_What you should do_: Nothing but the images should be left out when the entries are restated word for word.

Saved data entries
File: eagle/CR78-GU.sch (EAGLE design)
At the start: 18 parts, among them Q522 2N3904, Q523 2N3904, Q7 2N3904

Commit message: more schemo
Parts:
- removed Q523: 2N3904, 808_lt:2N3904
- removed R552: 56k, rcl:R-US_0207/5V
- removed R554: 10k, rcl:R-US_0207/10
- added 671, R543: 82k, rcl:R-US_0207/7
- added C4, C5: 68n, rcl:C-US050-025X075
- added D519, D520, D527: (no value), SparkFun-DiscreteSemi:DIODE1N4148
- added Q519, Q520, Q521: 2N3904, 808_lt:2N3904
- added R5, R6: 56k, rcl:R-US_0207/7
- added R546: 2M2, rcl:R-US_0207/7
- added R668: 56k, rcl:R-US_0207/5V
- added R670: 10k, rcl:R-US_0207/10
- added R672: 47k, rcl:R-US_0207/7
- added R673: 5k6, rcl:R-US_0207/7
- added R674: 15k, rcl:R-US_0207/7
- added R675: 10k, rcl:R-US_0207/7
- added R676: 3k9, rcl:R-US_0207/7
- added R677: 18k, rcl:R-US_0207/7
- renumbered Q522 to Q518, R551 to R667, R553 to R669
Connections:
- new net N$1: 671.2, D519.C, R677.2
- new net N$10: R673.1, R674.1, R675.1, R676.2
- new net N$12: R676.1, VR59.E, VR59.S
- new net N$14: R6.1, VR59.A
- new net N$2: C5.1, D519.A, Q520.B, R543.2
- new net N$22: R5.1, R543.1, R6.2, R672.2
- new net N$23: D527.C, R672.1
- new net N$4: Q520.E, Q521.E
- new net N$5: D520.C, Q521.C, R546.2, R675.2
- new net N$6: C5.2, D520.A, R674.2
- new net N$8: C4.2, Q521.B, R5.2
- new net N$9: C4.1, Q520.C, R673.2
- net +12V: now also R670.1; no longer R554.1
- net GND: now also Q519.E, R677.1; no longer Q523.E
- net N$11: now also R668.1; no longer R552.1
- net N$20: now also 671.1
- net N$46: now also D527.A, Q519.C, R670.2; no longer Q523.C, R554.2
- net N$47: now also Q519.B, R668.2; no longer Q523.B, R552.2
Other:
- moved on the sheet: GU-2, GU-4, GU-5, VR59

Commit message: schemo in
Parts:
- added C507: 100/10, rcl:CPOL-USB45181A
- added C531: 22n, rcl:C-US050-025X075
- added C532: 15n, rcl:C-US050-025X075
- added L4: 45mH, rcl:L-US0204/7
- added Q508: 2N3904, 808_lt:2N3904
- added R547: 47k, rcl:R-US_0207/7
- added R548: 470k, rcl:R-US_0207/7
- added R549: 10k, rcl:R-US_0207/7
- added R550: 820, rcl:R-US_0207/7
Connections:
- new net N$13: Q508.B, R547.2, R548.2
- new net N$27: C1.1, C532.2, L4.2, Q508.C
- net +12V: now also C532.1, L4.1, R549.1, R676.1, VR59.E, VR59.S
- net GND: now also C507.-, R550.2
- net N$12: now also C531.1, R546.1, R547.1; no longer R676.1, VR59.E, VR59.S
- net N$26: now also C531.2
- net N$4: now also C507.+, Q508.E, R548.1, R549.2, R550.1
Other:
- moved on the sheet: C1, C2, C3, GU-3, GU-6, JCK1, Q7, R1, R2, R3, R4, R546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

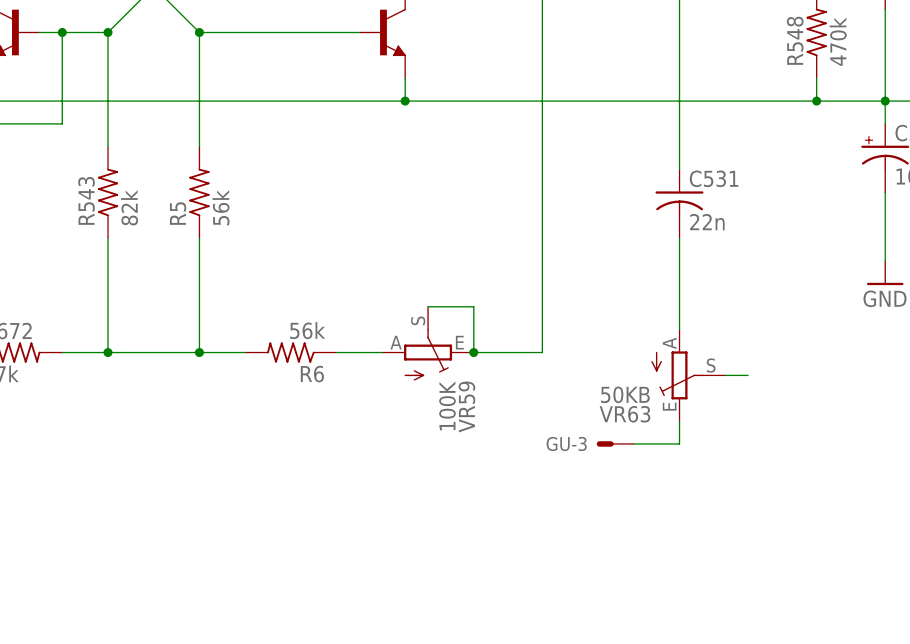
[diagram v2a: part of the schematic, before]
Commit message: fixed noise input and started board
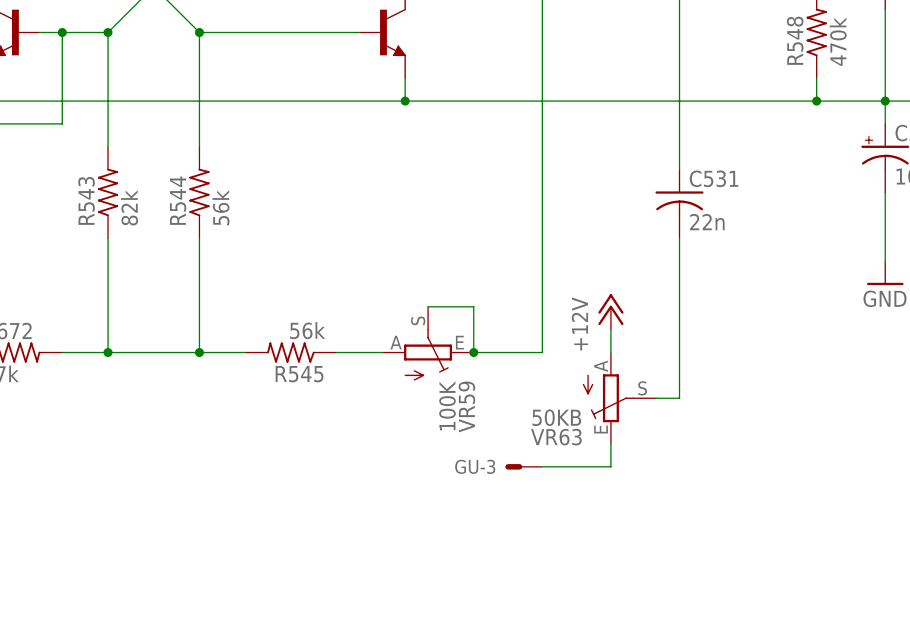
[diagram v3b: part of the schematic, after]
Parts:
- R670: device rcl:R-US_0207/10 -> rcl:R-US_0207/7
- renumbered R5 to R544, R6 to R545
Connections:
- removed net N$26: C531.2, VR63.A
- net +12V: now also VR63.A
- net N$17: now also C531.2
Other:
- moved on the sheet: GU-3, VR63

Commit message: routed with cutout
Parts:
- R667, R668: device rcl:R-US_0207/5V -> rcl:R-US_0207/7
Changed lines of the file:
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@@
 <part name="Q519" library="808_lt" deviceset="2N3904" device=""/>
 <part name="R670" library="rcl" deviceset="R-US_" device="0207/7" value="10k"/>
-<part name="R668" library="rcl" deviceset="R-US_" device="0207/5V" value="56k"/>
+<part name="R668" library="rcl" deviceset="R-US_" device="0207/7" value="56k"/>
 <part name="Q7" library="808_lt" deviceset="2N3904" device=""/>
 <part name="C2" library="rcl" deviceset="C-US" device="050-025X075" value="47p"/>
@@
 <part name="Q518" library="808_lt" deviceset="2N3904" device=""/>
 <part name="R669" library="rcl" deviceset="R-US_" device="0207/7" value="10k"/>
-<part name="R667" library="rcl" deviceset="R-US_" device="0207/5V" value="56k"/>
+<part name="R667" library="rcl" deviceset="R-US_" device="0207/7" value="56k"/>
 <part name="C1" library="rcl" deviceset="C-US" device="050-025X075" value="473"/>
 <part name="VR63" library="TR808clone" deviceset="TRIM_EU-" device="B64Y" value="50KB"/>

_Result of this task_:
File: eagle/CR78-GU.sch (EAGLE design)
At the start: 18 parts, among them Q522 2N3904, Q523 2N3904, Q7 2N3904

Commit message: more schemo
Parts:
- removed Q523: 2N3904, 808_lt:2N3904
- removed R552: 56k, rcl:R-US_0207/5V
- removed R554: 10k, rcl:R-US_0207/10
- added 671, R543: 82k, rcl:R-US_0207/7
- added C4, C5: 68n, rcl:C-US050-025X075
- added D519, D520, D527: (no value), SparkFun-DiscreteSemi:DIODE1N4148
- added Q519, Q520, Q521: 2N3904, 808_lt:2N3904
- added R5, R6: 56k, rcl:R-US_0207/7
- added R546: 2M2, rcl:R-US_0207/7
- added R668: 56k, rcl:R-US_0207/5V
- added R670: 10k, rcl:R-US_0207/10
- added R672: 47k, rcl:R-US_0207/7
- added R673: 5k6, rcl:R-US_0207/7
- added R674: 15k, rcl:R-US_0207/7
- added R675: 10k, rcl:R-US_0207/7
- added R676: 3k9, rcl:R-US_0207/7
- added R677: 18k, rcl:R-US_0207/7
- renumbered Q522 to Q518, R551 to R667, R553 to R669
Connections:
- new net N$1: 671.2, D519.C, R677.2
- new net N$10: R673.1, R674.1, R675.1, R676.2
- new net N$12: R676.1, VR59.E, VR59.S
- new net N$14: R6.1, VR59.A
- new net N$2: C5.1, D519.A, Q520.B, R543.2
- new net N$22: R5.1, R543.1, R6.2, R672.2
- new net N$23: D527.C, R672.1
- new net N$4: Q520.E, Q521.E
- new net N$5: D520.C, Q521.C, R546.2, R675.2
- new net N$6: C5.2, D520.A, R674.2
- new net N$8: C4.2, Q521.B, R5.2
- new net N$9: C4.1, Q520.C, R673.2
- net +12V: now also R670.1; no longer R554.1
- net GND: now also Q519.E, R677.1; no longer Q523.E
- net N$11: now also R668.1; no longer R552.1
- net N$20: now also 671.1
- net N$46: now also D527.A, Q519.C, R670.2; no longer Q523.C, R554.2
- net N$47: now also Q519.B, R668.2; no longer Q523.B, R552.2
Other:
- moved on the sheet: GU-2, GU-4, GU-5, VR59

Commit message: schemo in
Parts:
- added C507: 100/10, rcl:CPOL-USB45181A
- added C531: 22n, rcl:C-US050-025X075
- added C532: 15n, rcl:C-US050-025X075
- added L4: 45mH, rcl:L-US0204/7
- added Q508: 2N3904, 808_lt:2N3904
- added R547: 47k, rcl:R-US_0207/7
- added R548: 470k, rcl:R-US_0207/7
- added R549: 10k, rcl:R-US_0207/7
- added R550: 820, rcl:R-US_0207/7
Connections:
- new net N$13: Q508.B, R547.2, R548.2
- new net N$27: C1.1, C532.2, L4.2, Q508.C
- net +12V: now also C532.1, L4.1, R549.1, R676.1, VR59.E, VR59.S
- net GND: now also C507.-, R550.2
- net N$12: now also C531.1, R546.1, R547.1; no longer R676.1, VR59.E, VR59.S
- net N$26: now also C531.2
- net N$4: now also C507.+, Q508.E, R548.1, R549.2, R550.1
Other:
- moved on the sheet: C1, C2, C3, GU-3, GU-6, JCK1, Q7, R1, R2, R3, R4, R546

[diagram v2a: part of the schematic, before]
Commit message: fixed noise input and started board
[diagram v3b: part of the schematic, after]
Parts:
- R670: device rcl:R-US_0207/10 -> rcl:R-US_0207/7
- renumbered R5 to R544, R6 to R545
Connections:
- removed net N$26: C531.2, VR63.A
- net +12V: now also VR63.A
- net N$17: now also C531.2
Other:
- moved on the sheet: GU-3, VR63

Commit message: routed with cutout
Parts:
- R667, R668: device rcl:R-US_0207/5V -> rcl:R-US_0207/7
Changed lines of the file:
@@
 <part name="Q519" library="808_lt" deviceset="2N3904" device=""/>
 <part name="R670" library="rcl" deviceset="R-US_" device="0207/7" value="10k"/>
-<part name="R668" library="rcl" deviceset="R-US_" device="0207/5V" value="56k"/>
+<part name="R668" library="rcl" deviceset="R-US_" device="0207/7" value="56k"/>
 <part name="Q7" library="808_lt" deviceset="2N3904" device=""/>
 <part name="C2" library="rcl" deviceset="C-US" device="050-025X075" value="47p"/>
@@
 <part name="Q518" library="808_lt" deviceset="2N3904" device=""/>
 <part name="R669" library="rcl" deviceset="R-US_" device="0207/7" value="10k"/>
-<part name="R667" library="rcl" deviceset="R-US_" device="0207/5V" value="56k"/>
+<part name="R667" library="rcl" deviceset="R-US_" device="0207/7" value="56k"/>
 <part name="C1" library="rcl" deviceset="C-US" device="050-025X075" value="473"/>
 <part name="VR63" library="TR808clone" deviceset="TRIM_EU-" device="B64Y" value="50KB"/>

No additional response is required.